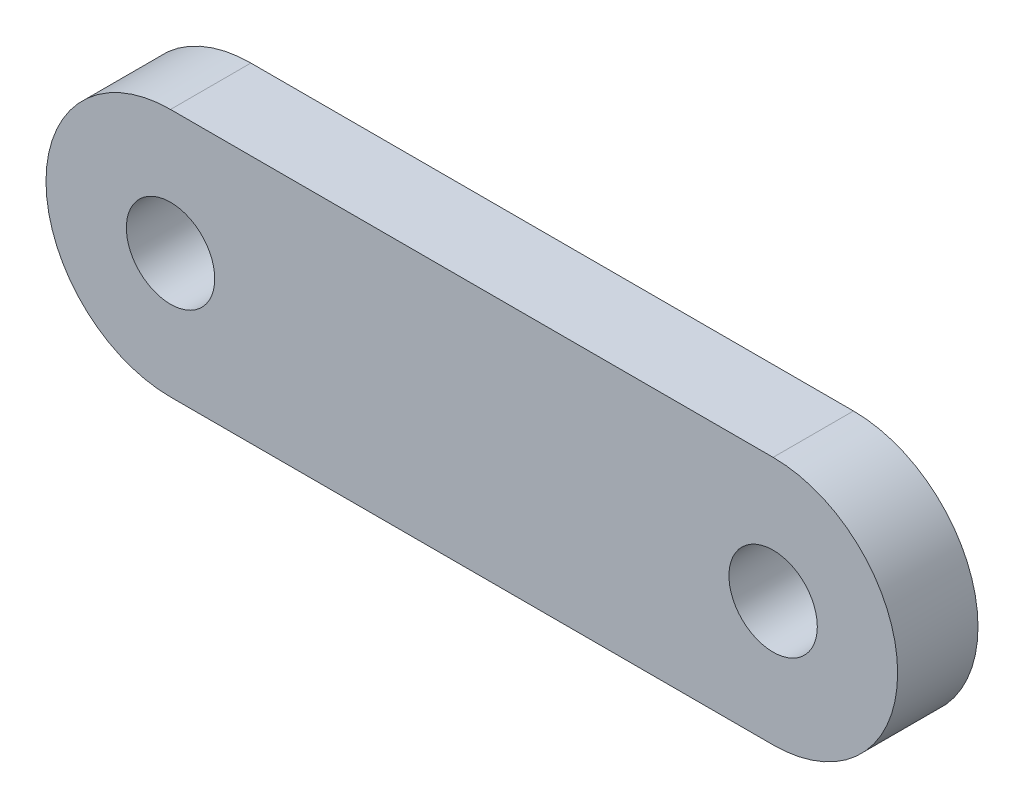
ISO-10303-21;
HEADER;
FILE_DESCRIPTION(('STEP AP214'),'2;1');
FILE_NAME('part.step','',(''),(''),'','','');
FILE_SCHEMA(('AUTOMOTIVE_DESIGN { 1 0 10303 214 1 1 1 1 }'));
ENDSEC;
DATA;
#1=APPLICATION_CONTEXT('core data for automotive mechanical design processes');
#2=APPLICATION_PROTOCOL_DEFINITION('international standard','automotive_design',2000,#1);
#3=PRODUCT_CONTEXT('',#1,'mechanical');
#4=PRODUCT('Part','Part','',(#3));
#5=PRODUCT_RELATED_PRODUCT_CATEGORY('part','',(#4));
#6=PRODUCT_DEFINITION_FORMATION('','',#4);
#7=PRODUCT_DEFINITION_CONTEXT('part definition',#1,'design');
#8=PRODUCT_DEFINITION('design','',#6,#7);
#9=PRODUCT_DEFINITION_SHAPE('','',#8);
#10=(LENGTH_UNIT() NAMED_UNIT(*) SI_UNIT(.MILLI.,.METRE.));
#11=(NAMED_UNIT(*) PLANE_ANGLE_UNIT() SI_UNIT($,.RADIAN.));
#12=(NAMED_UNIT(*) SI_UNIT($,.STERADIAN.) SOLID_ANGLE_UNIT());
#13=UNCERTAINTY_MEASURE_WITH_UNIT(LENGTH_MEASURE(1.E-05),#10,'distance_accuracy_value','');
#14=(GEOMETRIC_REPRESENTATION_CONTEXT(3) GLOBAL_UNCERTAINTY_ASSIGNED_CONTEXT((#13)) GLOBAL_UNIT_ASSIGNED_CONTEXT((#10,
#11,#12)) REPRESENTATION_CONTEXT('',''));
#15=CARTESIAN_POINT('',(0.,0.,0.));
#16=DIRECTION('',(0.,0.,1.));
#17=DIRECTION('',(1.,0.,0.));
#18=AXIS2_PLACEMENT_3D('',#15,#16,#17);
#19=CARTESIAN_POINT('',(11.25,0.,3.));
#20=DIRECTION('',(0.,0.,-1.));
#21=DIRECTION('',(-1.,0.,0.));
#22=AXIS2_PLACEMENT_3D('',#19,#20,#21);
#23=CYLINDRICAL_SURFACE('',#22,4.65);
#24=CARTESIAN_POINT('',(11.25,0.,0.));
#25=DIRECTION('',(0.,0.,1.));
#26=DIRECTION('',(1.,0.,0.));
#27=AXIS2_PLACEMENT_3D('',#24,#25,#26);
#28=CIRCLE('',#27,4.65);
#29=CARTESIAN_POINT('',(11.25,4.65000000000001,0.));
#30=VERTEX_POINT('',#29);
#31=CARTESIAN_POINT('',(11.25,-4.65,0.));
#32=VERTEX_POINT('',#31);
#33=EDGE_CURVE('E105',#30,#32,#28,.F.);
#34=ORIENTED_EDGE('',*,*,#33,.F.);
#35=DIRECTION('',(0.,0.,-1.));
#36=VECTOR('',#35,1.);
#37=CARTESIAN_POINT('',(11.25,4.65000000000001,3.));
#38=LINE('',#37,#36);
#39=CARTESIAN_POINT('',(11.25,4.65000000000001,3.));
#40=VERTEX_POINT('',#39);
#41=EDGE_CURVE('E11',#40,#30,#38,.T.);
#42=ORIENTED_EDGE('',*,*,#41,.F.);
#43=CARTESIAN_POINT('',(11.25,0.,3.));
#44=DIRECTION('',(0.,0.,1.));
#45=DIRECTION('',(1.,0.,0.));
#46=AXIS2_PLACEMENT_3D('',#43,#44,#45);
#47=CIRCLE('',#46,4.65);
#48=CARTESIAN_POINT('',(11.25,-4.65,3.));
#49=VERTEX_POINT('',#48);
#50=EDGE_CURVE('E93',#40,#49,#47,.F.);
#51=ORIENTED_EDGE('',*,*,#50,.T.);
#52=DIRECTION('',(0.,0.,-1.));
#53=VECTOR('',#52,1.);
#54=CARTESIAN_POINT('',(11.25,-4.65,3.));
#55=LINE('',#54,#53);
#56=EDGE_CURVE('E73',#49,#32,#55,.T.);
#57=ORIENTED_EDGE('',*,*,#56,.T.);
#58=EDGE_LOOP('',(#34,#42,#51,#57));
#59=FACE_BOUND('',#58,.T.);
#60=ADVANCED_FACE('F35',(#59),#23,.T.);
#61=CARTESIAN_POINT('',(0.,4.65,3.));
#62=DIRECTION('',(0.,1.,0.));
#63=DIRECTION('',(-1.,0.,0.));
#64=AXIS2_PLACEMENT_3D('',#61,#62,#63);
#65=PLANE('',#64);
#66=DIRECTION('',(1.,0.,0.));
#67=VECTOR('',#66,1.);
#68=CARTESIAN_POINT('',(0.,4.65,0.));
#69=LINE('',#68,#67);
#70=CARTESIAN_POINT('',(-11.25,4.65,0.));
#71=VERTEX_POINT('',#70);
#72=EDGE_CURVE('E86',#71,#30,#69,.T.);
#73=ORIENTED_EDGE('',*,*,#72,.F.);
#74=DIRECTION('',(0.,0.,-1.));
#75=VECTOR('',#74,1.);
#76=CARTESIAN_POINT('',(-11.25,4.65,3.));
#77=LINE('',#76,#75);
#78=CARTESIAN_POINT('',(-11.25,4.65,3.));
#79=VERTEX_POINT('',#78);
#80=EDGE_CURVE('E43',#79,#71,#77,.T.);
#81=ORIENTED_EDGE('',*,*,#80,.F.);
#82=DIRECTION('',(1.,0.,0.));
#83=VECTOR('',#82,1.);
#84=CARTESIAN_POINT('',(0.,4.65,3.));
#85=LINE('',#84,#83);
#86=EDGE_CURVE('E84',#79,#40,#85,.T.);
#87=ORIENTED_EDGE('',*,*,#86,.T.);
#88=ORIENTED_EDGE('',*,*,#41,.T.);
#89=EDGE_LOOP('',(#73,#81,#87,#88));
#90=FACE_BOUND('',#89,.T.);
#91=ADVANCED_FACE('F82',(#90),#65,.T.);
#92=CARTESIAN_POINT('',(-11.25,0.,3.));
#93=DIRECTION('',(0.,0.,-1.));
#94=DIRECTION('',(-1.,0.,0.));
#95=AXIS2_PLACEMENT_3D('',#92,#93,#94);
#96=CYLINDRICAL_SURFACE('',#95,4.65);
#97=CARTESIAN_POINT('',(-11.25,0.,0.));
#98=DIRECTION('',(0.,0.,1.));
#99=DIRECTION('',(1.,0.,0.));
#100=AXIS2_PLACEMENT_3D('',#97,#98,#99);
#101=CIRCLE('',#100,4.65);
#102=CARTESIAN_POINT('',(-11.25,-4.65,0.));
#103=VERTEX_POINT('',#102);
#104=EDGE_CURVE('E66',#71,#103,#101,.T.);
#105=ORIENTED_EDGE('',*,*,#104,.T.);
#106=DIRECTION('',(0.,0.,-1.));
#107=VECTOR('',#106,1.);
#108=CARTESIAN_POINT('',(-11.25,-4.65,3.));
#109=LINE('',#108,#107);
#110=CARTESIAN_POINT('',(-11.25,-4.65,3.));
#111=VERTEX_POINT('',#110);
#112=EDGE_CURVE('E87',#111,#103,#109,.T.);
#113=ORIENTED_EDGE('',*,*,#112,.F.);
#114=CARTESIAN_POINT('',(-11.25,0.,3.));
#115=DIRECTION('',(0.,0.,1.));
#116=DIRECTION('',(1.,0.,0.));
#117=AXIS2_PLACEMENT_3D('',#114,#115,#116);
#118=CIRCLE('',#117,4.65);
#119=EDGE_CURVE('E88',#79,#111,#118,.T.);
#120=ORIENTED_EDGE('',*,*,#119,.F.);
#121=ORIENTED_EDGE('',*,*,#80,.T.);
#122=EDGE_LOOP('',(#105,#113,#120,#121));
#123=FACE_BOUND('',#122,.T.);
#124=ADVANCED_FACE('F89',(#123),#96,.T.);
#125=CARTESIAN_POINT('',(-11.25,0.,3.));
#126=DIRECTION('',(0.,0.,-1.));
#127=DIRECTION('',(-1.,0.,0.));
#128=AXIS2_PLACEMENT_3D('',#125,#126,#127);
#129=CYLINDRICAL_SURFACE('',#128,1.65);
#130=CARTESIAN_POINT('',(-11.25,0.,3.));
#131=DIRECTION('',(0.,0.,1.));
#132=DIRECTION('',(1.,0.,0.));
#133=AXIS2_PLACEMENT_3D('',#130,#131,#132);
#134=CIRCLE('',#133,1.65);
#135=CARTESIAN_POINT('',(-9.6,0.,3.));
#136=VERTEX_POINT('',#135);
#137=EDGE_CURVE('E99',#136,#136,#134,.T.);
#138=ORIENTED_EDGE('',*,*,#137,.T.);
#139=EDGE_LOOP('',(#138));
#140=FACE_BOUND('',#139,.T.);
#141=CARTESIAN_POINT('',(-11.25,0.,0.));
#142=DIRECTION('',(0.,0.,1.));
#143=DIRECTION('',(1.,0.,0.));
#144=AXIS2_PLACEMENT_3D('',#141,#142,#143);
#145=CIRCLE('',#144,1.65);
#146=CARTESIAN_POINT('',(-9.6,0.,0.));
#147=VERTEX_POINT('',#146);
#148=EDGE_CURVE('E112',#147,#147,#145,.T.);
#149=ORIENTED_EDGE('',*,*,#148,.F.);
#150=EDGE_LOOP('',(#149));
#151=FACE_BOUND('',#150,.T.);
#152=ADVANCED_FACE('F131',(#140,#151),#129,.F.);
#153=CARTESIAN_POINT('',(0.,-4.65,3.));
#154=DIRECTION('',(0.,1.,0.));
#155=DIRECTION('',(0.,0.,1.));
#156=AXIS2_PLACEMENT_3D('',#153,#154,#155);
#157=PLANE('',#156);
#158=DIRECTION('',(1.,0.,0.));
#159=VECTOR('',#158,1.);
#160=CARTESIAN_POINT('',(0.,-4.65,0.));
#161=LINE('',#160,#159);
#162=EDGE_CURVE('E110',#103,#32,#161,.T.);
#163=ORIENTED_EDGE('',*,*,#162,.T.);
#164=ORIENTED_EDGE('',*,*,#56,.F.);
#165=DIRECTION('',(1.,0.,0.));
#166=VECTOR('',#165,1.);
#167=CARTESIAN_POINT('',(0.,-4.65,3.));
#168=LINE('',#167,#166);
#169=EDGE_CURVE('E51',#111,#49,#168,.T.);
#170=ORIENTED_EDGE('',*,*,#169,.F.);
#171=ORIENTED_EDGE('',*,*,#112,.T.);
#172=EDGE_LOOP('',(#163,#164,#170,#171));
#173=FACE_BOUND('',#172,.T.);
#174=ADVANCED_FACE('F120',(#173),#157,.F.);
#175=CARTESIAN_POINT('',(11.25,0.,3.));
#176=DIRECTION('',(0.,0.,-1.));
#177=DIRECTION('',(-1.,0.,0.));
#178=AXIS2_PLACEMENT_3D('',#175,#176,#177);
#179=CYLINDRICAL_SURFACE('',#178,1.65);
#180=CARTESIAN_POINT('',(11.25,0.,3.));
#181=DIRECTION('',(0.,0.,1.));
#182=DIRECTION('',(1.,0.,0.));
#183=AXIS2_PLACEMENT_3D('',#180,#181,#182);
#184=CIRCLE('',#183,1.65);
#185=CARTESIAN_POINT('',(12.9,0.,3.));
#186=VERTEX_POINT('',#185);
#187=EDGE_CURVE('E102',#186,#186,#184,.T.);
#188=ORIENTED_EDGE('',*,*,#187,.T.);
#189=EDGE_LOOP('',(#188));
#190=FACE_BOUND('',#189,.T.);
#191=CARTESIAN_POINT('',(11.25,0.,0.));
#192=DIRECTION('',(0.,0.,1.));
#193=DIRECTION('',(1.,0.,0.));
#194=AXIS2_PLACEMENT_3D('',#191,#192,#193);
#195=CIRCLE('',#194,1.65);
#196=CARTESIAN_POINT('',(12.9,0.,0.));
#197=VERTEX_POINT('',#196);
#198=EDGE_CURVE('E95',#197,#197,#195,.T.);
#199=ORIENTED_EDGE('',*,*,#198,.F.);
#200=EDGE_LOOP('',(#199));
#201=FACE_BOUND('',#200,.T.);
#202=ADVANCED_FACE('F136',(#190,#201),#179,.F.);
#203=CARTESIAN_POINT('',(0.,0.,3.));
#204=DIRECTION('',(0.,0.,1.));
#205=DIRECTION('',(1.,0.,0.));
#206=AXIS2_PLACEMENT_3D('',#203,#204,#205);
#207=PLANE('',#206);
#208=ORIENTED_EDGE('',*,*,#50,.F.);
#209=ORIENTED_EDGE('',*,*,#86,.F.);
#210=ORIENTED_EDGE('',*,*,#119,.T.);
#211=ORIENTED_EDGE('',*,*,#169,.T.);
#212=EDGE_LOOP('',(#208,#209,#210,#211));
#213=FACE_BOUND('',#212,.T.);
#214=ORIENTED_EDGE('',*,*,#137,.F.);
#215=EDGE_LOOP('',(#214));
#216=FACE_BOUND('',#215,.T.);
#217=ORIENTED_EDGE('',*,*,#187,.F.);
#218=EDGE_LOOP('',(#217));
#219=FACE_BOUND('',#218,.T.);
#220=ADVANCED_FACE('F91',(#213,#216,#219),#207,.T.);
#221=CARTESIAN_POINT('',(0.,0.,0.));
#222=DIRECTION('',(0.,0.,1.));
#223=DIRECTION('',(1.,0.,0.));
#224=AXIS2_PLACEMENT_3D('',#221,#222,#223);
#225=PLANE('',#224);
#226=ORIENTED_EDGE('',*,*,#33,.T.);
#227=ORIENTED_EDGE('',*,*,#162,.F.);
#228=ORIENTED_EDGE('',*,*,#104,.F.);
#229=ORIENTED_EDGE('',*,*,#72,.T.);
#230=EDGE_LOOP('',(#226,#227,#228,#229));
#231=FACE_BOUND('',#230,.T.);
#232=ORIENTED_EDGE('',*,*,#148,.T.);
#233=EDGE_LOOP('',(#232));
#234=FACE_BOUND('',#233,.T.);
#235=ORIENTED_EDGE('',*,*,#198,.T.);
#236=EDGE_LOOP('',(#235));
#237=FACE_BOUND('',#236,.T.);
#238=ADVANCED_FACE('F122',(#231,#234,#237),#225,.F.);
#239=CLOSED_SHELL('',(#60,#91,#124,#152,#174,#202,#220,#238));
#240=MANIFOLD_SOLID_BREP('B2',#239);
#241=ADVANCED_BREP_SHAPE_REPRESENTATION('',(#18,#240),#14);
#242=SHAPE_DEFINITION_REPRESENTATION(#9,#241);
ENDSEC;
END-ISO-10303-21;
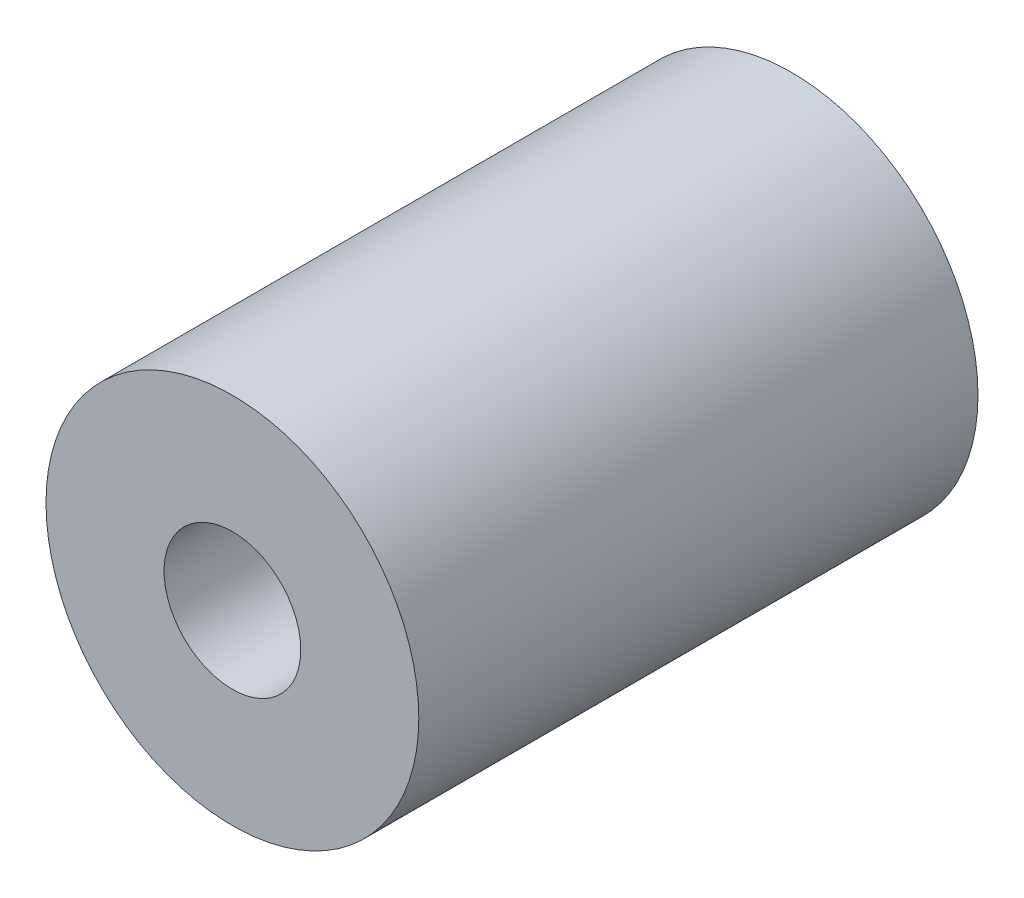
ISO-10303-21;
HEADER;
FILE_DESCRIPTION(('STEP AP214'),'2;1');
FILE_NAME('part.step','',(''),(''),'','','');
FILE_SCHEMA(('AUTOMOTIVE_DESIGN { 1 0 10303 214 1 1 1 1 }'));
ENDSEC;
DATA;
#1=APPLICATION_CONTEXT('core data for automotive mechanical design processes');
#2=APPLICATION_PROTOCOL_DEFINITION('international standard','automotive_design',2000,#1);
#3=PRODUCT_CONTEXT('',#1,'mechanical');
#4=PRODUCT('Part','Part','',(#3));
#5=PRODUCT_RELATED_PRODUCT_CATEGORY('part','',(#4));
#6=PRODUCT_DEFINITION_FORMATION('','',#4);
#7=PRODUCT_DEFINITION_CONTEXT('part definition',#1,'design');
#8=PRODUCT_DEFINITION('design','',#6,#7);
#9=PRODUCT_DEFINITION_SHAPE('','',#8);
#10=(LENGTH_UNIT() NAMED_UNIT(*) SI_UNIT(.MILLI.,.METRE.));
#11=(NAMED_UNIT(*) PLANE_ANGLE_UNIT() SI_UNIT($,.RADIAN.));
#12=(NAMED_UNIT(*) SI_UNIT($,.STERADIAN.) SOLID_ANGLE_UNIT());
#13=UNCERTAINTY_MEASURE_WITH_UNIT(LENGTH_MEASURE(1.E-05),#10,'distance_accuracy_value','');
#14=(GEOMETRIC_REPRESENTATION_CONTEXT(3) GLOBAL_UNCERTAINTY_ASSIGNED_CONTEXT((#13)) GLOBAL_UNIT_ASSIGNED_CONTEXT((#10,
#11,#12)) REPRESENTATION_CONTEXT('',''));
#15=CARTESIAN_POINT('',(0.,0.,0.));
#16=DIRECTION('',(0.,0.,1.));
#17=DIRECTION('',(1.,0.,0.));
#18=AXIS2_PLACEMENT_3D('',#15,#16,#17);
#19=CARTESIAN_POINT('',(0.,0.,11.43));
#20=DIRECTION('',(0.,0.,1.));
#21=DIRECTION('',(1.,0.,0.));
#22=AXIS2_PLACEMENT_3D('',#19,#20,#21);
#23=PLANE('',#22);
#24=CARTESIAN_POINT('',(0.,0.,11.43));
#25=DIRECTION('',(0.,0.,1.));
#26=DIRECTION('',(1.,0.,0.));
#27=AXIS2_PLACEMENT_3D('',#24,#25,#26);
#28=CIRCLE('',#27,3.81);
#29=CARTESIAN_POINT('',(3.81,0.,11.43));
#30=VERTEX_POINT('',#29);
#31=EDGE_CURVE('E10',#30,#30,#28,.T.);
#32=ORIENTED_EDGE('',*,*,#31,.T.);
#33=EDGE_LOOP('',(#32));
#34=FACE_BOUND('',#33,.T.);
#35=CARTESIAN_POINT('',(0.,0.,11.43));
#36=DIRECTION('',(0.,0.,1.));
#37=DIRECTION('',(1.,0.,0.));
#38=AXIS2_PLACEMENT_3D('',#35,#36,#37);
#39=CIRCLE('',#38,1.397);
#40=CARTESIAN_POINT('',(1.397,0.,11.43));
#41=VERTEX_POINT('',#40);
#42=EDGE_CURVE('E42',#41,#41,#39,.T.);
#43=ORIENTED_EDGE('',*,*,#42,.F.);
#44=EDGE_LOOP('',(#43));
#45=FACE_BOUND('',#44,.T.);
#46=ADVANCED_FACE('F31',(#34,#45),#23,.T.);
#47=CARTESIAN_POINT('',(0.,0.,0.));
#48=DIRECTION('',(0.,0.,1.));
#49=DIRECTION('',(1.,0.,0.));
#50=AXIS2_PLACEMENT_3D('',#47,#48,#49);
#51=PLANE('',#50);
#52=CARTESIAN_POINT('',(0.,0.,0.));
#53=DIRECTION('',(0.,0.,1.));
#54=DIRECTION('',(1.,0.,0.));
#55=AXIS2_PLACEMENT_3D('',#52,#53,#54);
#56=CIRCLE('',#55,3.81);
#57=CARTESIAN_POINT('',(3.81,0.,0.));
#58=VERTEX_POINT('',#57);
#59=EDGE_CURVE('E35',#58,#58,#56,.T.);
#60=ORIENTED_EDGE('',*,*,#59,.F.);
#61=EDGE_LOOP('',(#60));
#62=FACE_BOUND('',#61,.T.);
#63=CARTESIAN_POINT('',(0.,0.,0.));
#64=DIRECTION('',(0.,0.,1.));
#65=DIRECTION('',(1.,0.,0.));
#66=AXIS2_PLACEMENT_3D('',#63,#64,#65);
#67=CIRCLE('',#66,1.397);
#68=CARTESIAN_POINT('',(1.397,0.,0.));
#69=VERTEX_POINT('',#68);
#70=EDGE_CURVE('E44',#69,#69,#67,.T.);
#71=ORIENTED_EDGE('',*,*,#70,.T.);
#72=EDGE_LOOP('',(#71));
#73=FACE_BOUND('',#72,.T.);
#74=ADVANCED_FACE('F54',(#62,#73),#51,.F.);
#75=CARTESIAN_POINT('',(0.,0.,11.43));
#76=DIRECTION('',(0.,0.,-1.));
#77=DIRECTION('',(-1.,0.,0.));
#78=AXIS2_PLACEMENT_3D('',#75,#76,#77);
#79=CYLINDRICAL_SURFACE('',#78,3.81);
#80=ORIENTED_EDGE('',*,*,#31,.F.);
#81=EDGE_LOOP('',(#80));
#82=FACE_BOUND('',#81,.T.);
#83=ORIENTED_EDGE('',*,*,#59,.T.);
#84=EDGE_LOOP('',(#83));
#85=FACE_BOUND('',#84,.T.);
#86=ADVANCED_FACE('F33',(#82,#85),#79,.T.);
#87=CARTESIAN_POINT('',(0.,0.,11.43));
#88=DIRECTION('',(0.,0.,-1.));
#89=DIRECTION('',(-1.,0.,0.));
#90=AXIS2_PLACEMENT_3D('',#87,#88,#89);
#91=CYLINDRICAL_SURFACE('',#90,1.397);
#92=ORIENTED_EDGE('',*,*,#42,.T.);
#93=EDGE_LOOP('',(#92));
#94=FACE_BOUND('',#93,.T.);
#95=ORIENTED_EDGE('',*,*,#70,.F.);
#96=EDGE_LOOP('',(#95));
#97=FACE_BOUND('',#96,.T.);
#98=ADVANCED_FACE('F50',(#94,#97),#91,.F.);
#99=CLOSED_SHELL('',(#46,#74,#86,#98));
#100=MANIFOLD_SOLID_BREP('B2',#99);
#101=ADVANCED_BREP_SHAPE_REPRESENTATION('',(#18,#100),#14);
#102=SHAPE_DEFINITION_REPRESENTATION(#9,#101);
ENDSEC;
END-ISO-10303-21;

Work order:
Please transcribe exactly the lines above from the line that has "#80=EDGE_CURVE('E43',#79,#71,#77,.T.);" up to and including the line that has "#86=EDGE_CURVE('E84',#79,#40,#85,.T.);"; no other line belongs in the answer.

Exercise response:
#80=EDGE_CURVE('E43',#79,#71,#77,.T.);
#81=ORIENTED_EDGE('',*,*,#80,.F.);
#82=DIRECTION('',(1.,0.,0.));
#83=VECTOR('',#82,1.);
#84=CARTESIAN_POINT('',(0.,4.65,3.));
#85=LINE('',#84,#83);
#86=EDGE_CURVE('E84',#79,#40,#85,.T.);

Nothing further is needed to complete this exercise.